# Transferring photos



## chocko (Nov 9, 2008)

How can I transfer photo's from my Nikon D90 to my Samsung tablet .large memory card in camera.I do not have computer.





Any Ideas please.


----------



## Davey P (Sep 9, 2010)

I think you will need a transfer cable with HDMI at one end and Samsung connector on the other. Be careful though, Samsung have changed their connector in recent years for one that is symmetrical, and can be fitted either way. Yours looks like the older style, which only fits one way round.

Alternatively, if you've already got a USB cable that fits the Samsung, you might be able to get a USB to HDMI converter.

Ebay or Amazon would be my 1st port of call.
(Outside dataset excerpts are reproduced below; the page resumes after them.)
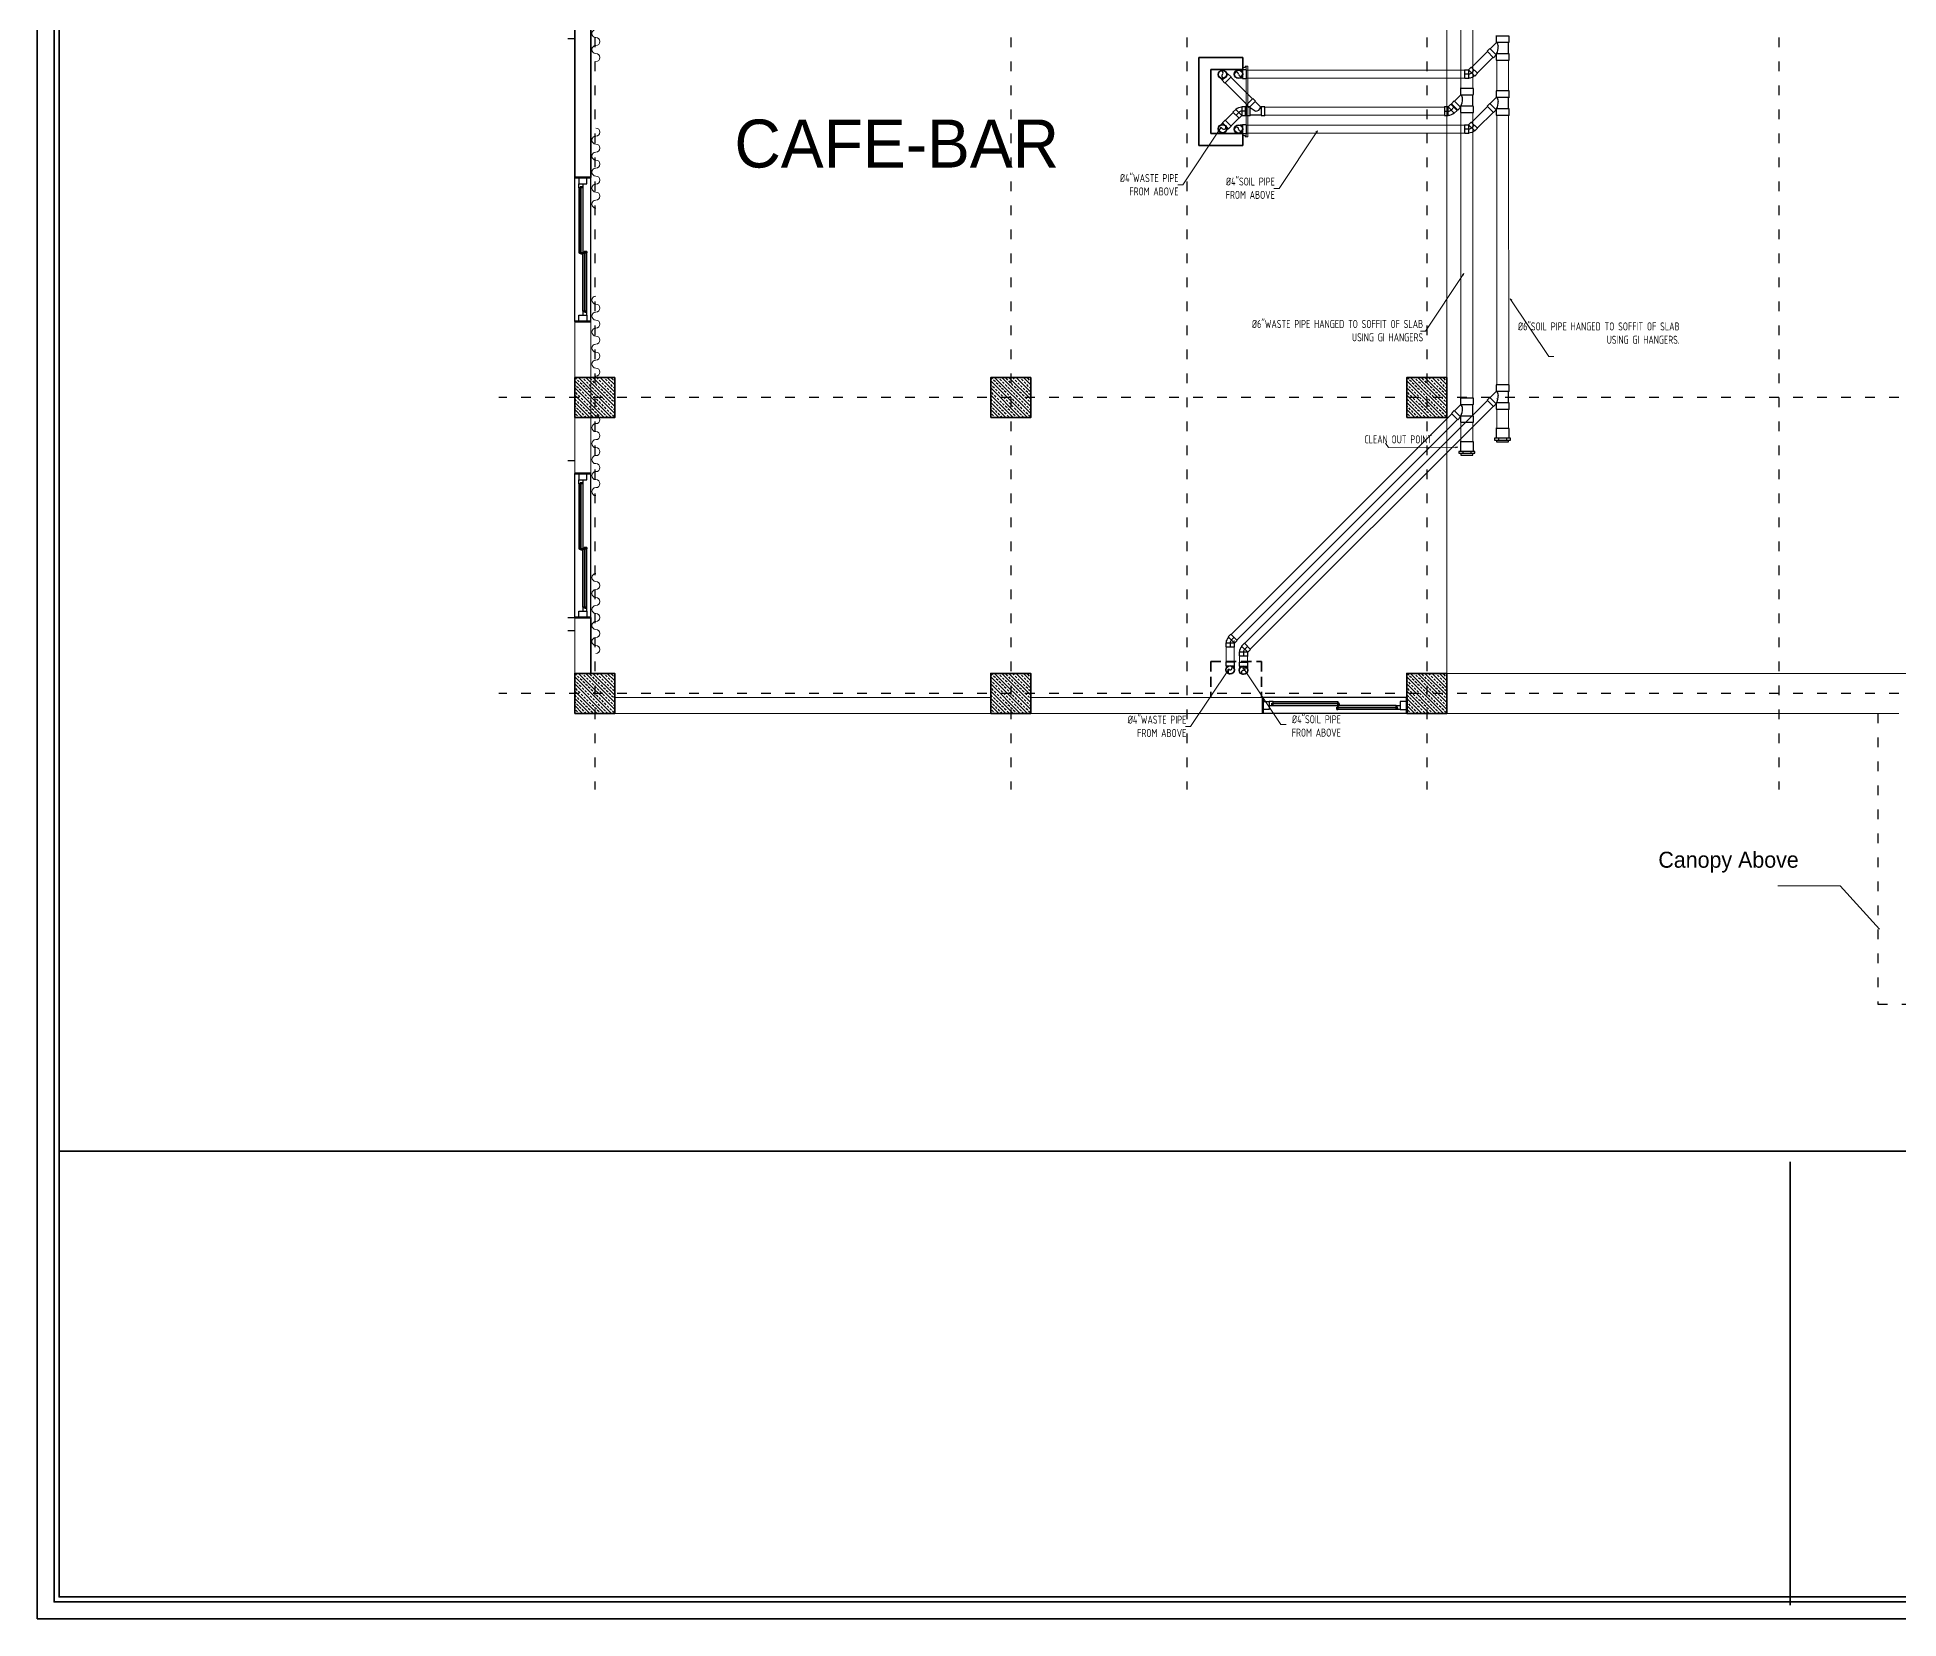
# Model space of a CAD drawing. Header units: millimetres. Extents: x 626118 to 667468, y 4481694 to 4492717.
# Drawn here: x 636654 to 638980, y 4487913 to 4489890 of the extents above; entities that cross this region are included whole.
import ezdxf

# ---------------------------------------------------------------- set-up
doc = ezdxf.new("R2010")
doc.units = ezdxf.units.MM
for name, pattern in [('ACAD_ISO03W100', [30, 12, -18]), ('CENTER2', [1.125, 0.75, -0.125, 0.125, -0.125]), ('DASHED', [19.05, 12.7, -6.35]), ('DUZ', [500, 500]), ('HIDDEN', [0.375, 0.25, -0.125])]:
    doc.linetypes.add(name, pattern=pattern)
doc.layers.get('0').update_dxf_attribs({"color": 1, "linetype": 'DUZ'})
for name, color, linetype in [('a-izdus', 2, 'HIDDEN'), ('AGAC', 116, 'Continuous'), ('DR-TEXT', 3, 'Continuous'), ('DR-WASTE PIPE', 5, 'CENTER2'), ('KOLTAR_F', 145, 'Continuous'), ('PEN', 161, 'Continuous'), ('PVC', 3, 'Continuous'), ('söve', 26, 'DUZ')]:
    doc.layers.add(name, color=color, linetype=linetype)
for name, color, linetype, lineweight in [('cam', 143, 'Continuous', 20), ('DUV', 220, 'Continuous', 50), ('DUVAR', 7, 'Continuous', 35), ('FE_PERDE', 205, 'Continuous', 15), ('gor25', 142, 'Continuous', 25), ('iç duvar', 7, 'Continuous', 50), ('KAPEN', 151, 'Continuous', 9), ('KOLON_F', 3, 'Continuous', 35)]:
    doc.layers.add(name, color=color, linetype=linetype, lineweight=lineweight)
doc.styles.add('din.shx', font='din.shx', dxfattribs={"width": 0.7})

# ---------------------------------------------------------------- blocks, each defined once
blk = doc.blocks.new('GEN_BLOCK00601')
at = {"linetype": 'Continuous', "ltscale": 50}
for centre, start, end in [((50, 50), 0, 180), ((150, 50), 180, 0), ((250, 50), 0, 180), ((350, 50), 180, 0), ((450, 50), 0, 180), ((550, 50), 180, 0), ((650, 50), 0, 180), ((750, 50), 180, 0), ((850, 50), 0, 180), ((950, 50), 180, 0)]:
    blk.add_arc(centre, 50, start, end, dxfattribs=at)
for tag in ['FLOOR', 'Sfb']:
    blk.add_attdef(tag, (0, 0), '', height=1)
blk = doc.blocks.new('A$C9070866a')
at = {"layer": 'iç duvar', "color": 1, "linetype": 'Continuous', "lineweight": 5}
for p, q in [((54.5, 72.2, 0), (6.4, 0)), ((54.5, 72.2, 0), (52.5, 70.3)), ((54.5, 72.2, 0), (53.4, 69.6)), ((6.4, 0), (0, 0))]:
    blk.add_line(p, q, dxfattribs=at)
blk = doc.blocks.new('PVC4')
for p, q in [((-55, 57), (-60, 57)), ((0, 57), (5, 57)), ((-55, -57), (-60, -57)), ((0, -57), (5, -57))]:
    blk.add_line(p, q)
blk.add_lwpolyline([(0, -62), (0, 62), (-55, 62), (-55, -62)], close=True)
blk = doc.blocks.new('P904A')
for p, q in [((-57, -57), (-57, -24)), ((57, -57), (57, -24))]:
    blk.add_line(p, q)
blk.add_circle((0, 0), 62)
at = {"color": 9}
blk.add_circle((0, 0), 57, dxfattribs=at)
for centre, start, end in [((0, -28), 90, 270), ((0, 28), 270, 90)]:
    blk.add_arc(centre, 28.5, start, end, dxfattribs=at)
at = {"rotation": 270}
blk.add_blockref('PVC4', (0, -112), dxfattribs=at)
blk = doc.blocks.new('PVC6')
for p, q in [((-86.5, 82.5), (-93, 82.5)), ((0, 82.5), (6.5, 82.5)), ((-86.5, -82.5), (-93, -82.5)), ((0, -82.5), (6.5, -82.5))]:
    blk.add_line(p, q)
blk.add_lwpolyline([(0, -89), (0, 89), (-81.5, 89, 0.4142136), (-86.5, 84), (-86.5, -84, 0.4142136), (-81.5, -89)], format="xyb", close=True)
blk = doc.blocks.new('PY64')
for p, q in [((-82, 162), (-82, 2)), ((79, -1), (171, 91))]:
    blk.add_line(p, q)
at = {"color": 9}
for centre, radius, start, end in [((298, 60), 238, 154.7041, 180), ((142, 60), 82.9, 180, 223.6032)]:
    blk.add_arc(centre, radius, start, end, dxfattribs=at)
for name, p, rotation in [('PVC6', (0, 248), 90), ('PVC6', (0, -84), 270), ('PVC4', (170, 170), 44.9999999999999)]:
    blk.add_blockref(name, p, dxfattribs=dict(rotation=rotation))
blk = doc.blocks.new('P454')
at = {"color": 8}
blk.add_lwpolyline([(57, 57), (18, 18, 0.198912), (0, -25), (0, -80)], format="xyb", dxfattribs=at)
blk.add_arc((60, -25), 117, 135, 180)
for p, rotation in [((57, 57), 45), ((0, -80), 270)]:
    blk.add_blockref('PVC4', p, dxfattribs=dict(rotation=rotation))
blk = doc.blocks.new('PY4')
for p, q in [((-57, -27), (-57, 129)), ((0, 57), (51, 129)), ((57, -24), (139, 58))]:
    blk.add_line(p, q)
blk.add_arc((86, 57), 85.5, 180, 250.5288)
for p, rotation in [((0, 184), 90), ((137, 137), 45), ((0, -82), 270)]:
    blk.add_blockref('PVC4', p, dxfattribs=dict(rotation=rotation))
blk = doc.blocks.new('PFS4-M')
at = {"color": 9}
for p, q in [((34, 38), (16, 38)), ((34, -38), (16, -38))]:
    blk.add_line(p, q, dxfattribs=at)
for p, q in [((127, 62), (34, 62)), ((127, -62), (127, 62)), ((127, 57), (132, 57)), ((34, -62), (127, -62)), ((127, -57), (132, -57))]:
    blk.add_line(p, q)
blk.add_lwpolyline([(16, 57), (0, 57), (0, -57), (16, -57)])
blk.add_lwpolyline([(34, -76), (34, 76), (16, 76), (16, -76)], close=True)

msp = doc.modelspace()

# ---------------------------------------------------------------- hatches: boundary and pattern name
at = {"layer": 'KOLTAR_F'}
h = msp.add_hatch(dxfattribs=at)
h.set_pattern_fill('ANSI33', color=256, angle=90, style=0)
h.set_pattern_definition([(135, (5141737.9514, 3828830.847), (-4.4901280605, -4.4901280605), []), (135, (5141737.9514, 3828835.337), (-4.4901280605, -4.4901280605), [3.175, -1.5875])])
h.paths.add_polyline_path([(637325.48, 4489414.33), (637325.48, 4489464.33), (637375.48, 4489464.33), (637375.48, 4489414.33)])
h = msp.add_hatch(dxfattribs=at)
h.set_pattern_fill('ANSI33', color=256, angle=90, style=0)
h.set_pattern_definition([(135, (5142257.9514, 3828830.847), (-4.4901280605, -4.4901280605), []), (135, (5142257.9514, 3828835.337), (-4.4901280605, -4.4901280605), [3.175, -1.5875])])
h.paths.add_polyline_path([(637845.48, 4489414.33), (637845.48, 4489464.33), (637895.48, 4489464.33), (637895.48, 4489414.33)])
h = msp.add_hatch(dxfattribs=at)
h.set_pattern_fill('ANSI33', color=256, angle=90, style=0)
h.set_pattern_definition([(135, (5142777.9514, 3828830.847), (-4.4901280605, -4.4901280605), []), (135, (5142777.9514, 3828835.337), (-4.4901280605, -4.4901280605), [3.175, -1.5875])])
h.paths.add_polyline_path([(638365.48, 4489414.33), (638365.48, 4489464.33), (638415.48, 4489464.33), (638415.48, 4489414.33)])
h = msp.add_hatch(dxfattribs=at)
h.set_pattern_fill('ANSI33', color=256, angle=90, style=0)
h.set_pattern_definition([(135, (5141737.9514, 3828460.847), (-4.4901280605, -4.4901280605), []), (135, (5141737.9514, 3828465.337), (-4.4901280605, -4.4901280605), [3.175, -1.5875])])
h.paths.add_polyline_path([(637325.48, 4489044.33), (637325.48, 4489094.33), (637375.48, 4489094.33), (637375.48, 4489044.33)])
h = msp.add_hatch(dxfattribs=at)
h.set_pattern_fill('ANSI33', color=256, angle=90, style=0)
h.set_pattern_definition([(135, (5142257.9514, 3828460.847), (-4.4901280605, -4.4901280605), []), (135, (5142257.9514, 3828465.337), (-4.4901280605, -4.4901280605), [3.175, -1.5875])])
h.paths.add_polyline_path([(637845.48, 4489044.33), (637845.48, 4489094.33), (637895.48, 4489094.33), (637895.48, 4489044.33)])
h = msp.add_hatch(dxfattribs=at)
h.set_pattern_fill('ANSI33', color=256, angle=90, style=0)
h.set_pattern_definition([(135, (5142777.9514, 3828460.847), (-4.4901280605, -4.4901280605), []), (135, (5142777.9514, 3828465.337), (-4.4901280605, -4.4901280605), [3.175, -1.5875])])
h.paths.add_polyline_path([(638365.48, 4489044.33), (638365.48, 4489094.33), (638415.48, 4489094.33), (638415.48, 4489044.33)])

# ---------------------------------------------------------------- linework, layer by layer
at = {"color": 232, "linetype": 'ACAD_ISO03W100'}
for p, q in [((637350.48, 4492079.33), (637350.48, 4488949.33)), ((637870.48, 4492079.33), (637870.48, 4488949.33)), ((638090.48, 4492079.33), (638090.48, 4488949.33)), ((638390.48, 4492079.33), (638390.48, 4488949.33)), ((638830.48, 4492079.33), (638830.48, 4488949.33)), ((641170.48, 4489439.33), (637230.48, 4489439.33)), ((641170.48, 4489069.33), (637230.48, 4489069.33)), ((638954.28, 4489044.33), (638954.28, 4488680.88)), ((638954.28, 4488680.88), (639449.86, 4488680.88))]:
    msp.add_line(p, q, dxfattribs=at)
at = {"layer": 'a-izdus', "color": 252, "linetype": 'Continuous', "lineweight": 5, "true_color": 0x939598}
for p, q in [((638907.29, 4488828.96), (638829.31, 4488828.96)), ((638956.57, 4488774.8), (638907.29, 4488828.96))]:
    msp.add_line(p, q, dxfattribs=at)
at = {"layer": 'AGAC'}
for p, q in [((637325.48, 4489534.33), (637325.48, 4489714.33)), ((637345.48, 4489534.33), (637345.48, 4489714.33)), ((637325.48, 4489164.33), (637325.48, 4489344.33)), ((637345.48, 4489164.33), (637345.48, 4489344.33)), ((638365.48, 4489064.33), (638185.48, 4489064.33)), ((638365.48, 4489044.33), (638185.48, 4489044.33))]:
    msp.add_line(p, q, dxfattribs=at)
at = {"layer": 'cam'}
for p, q in [((637332.48, 4489702.83), (637332.48, 4489618.83)), ((637332.98, 4489702.83), (637332.98, 4489618.83)), ((637333.48, 4489702.83), (637333.48, 4489618.83)), ((637337.48, 4489545.83), (637337.48, 4489621.83)), ((637337.98, 4489545.83), (637337.98, 4489621.83)), ((637338.48, 4489545.83), (637338.48, 4489621.83)), ((637332.48, 4489332.83), (637332.48, 4489248.83)), ((637332.98, 4489332.83), (637332.98, 4489248.83)), ((637333.48, 4489332.83), (637333.48, 4489248.83)), ((637337.48, 4489175.83), (637337.48, 4489251.83)), ((637337.98, 4489175.83), (637337.98, 4489251.83)), ((637338.48, 4489175.83), (637338.48, 4489251.83)), ((638196.98, 4489057.33), (638280.98, 4489057.33)), ((638196.98, 4489056.83), (638280.98, 4489056.83)), ((638196.98, 4489056.33), (638280.98, 4489056.33)), ((638353.98, 4489052.33), (638277.98, 4489052.33)), ((638353.98, 4489051.83), (638277.98, 4489051.83)), ((638353.98, 4489051.33), (638277.98, 4489051.33))]:
    msp.add_line(p, q, dxfattribs=at)
at = {"layer": 'DR-WASTE PIPE', "linetype": 'Continuous', "lineweight": 18, "ltscale": 12}
for p, q in [((638433.18, 4489825.66), (638433.18, 4490535.72)), ((638448.18, 4489825.66), (638448.18, 4490535.72)), ((638172.29, 4489813.03), (638145.86, 4489839.46)), ((638138.79, 4489832.42), (638165.23, 4489805.97)), ((638139.02, 4489786.12), (638148.59, 4489795.76)), ((638188.48, 4489792.19), (638412.57, 4489792.19)), ((638188.7, 4489802.17), (638412.57, 4489802.17)), ((638433.18, 4489439.11), (638433.18, 4489795.48)), ((638448.18, 4489439.11), (638448.18, 4489795.48)), ((638146.1, 4489779.09), (638155.48, 4489788.54)), ((638421.86, 4489418.86), (638146.06, 4489143.08)), ((638428.92, 4489411.8), (638153.44, 4489136.33)), ((638139.65, 4489109.06), (638139.65, 4489135.61)), ((638149.62, 4489109.06), (638149.64, 4489135.61))]:
    msp.add_line(p, q, dxfattribs=at)
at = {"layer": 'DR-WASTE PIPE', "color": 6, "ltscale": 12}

Good luck anyway :thumbsup:


----------



## chocko (Nov 9, 2008)

Thanks


----------



## al_kaholik (May 22, 2018)

I expect its the proprietary Nikon USB lead you'll need, and probably a micro USB (tablet) to USB A on the go adapter.

I don't think HDMI will work.

EDIT: wrong manufacturer - IDIOT


----------



## jsud2002 (Nov 7, 2015)

Would something like these work ?

















That way you should be able to access the memory card direct from your tablet ?


----------



## Roy (Feb 23, 2003)

Eye-Fi card
Using an Eye-Fi card inside a digital camera, one could wirelessly and automatically upload digital photos to a local computer or a mobile device such as a smartphone or tablet computer.


----------



## al_kaholik (May 22, 2018)

Roy said:


> Eye-Fi card
> Using an Eye-Fi card inside a digital camera, one could wirelessly and automatically upload digital photos to a local computer or a mobile device such as a smartphone or tablet computer.


 I had one of these some time back, worked fine but expensive for the capacity. I'm not sure that Eye-fi still trade from a quick google but there are others available


----------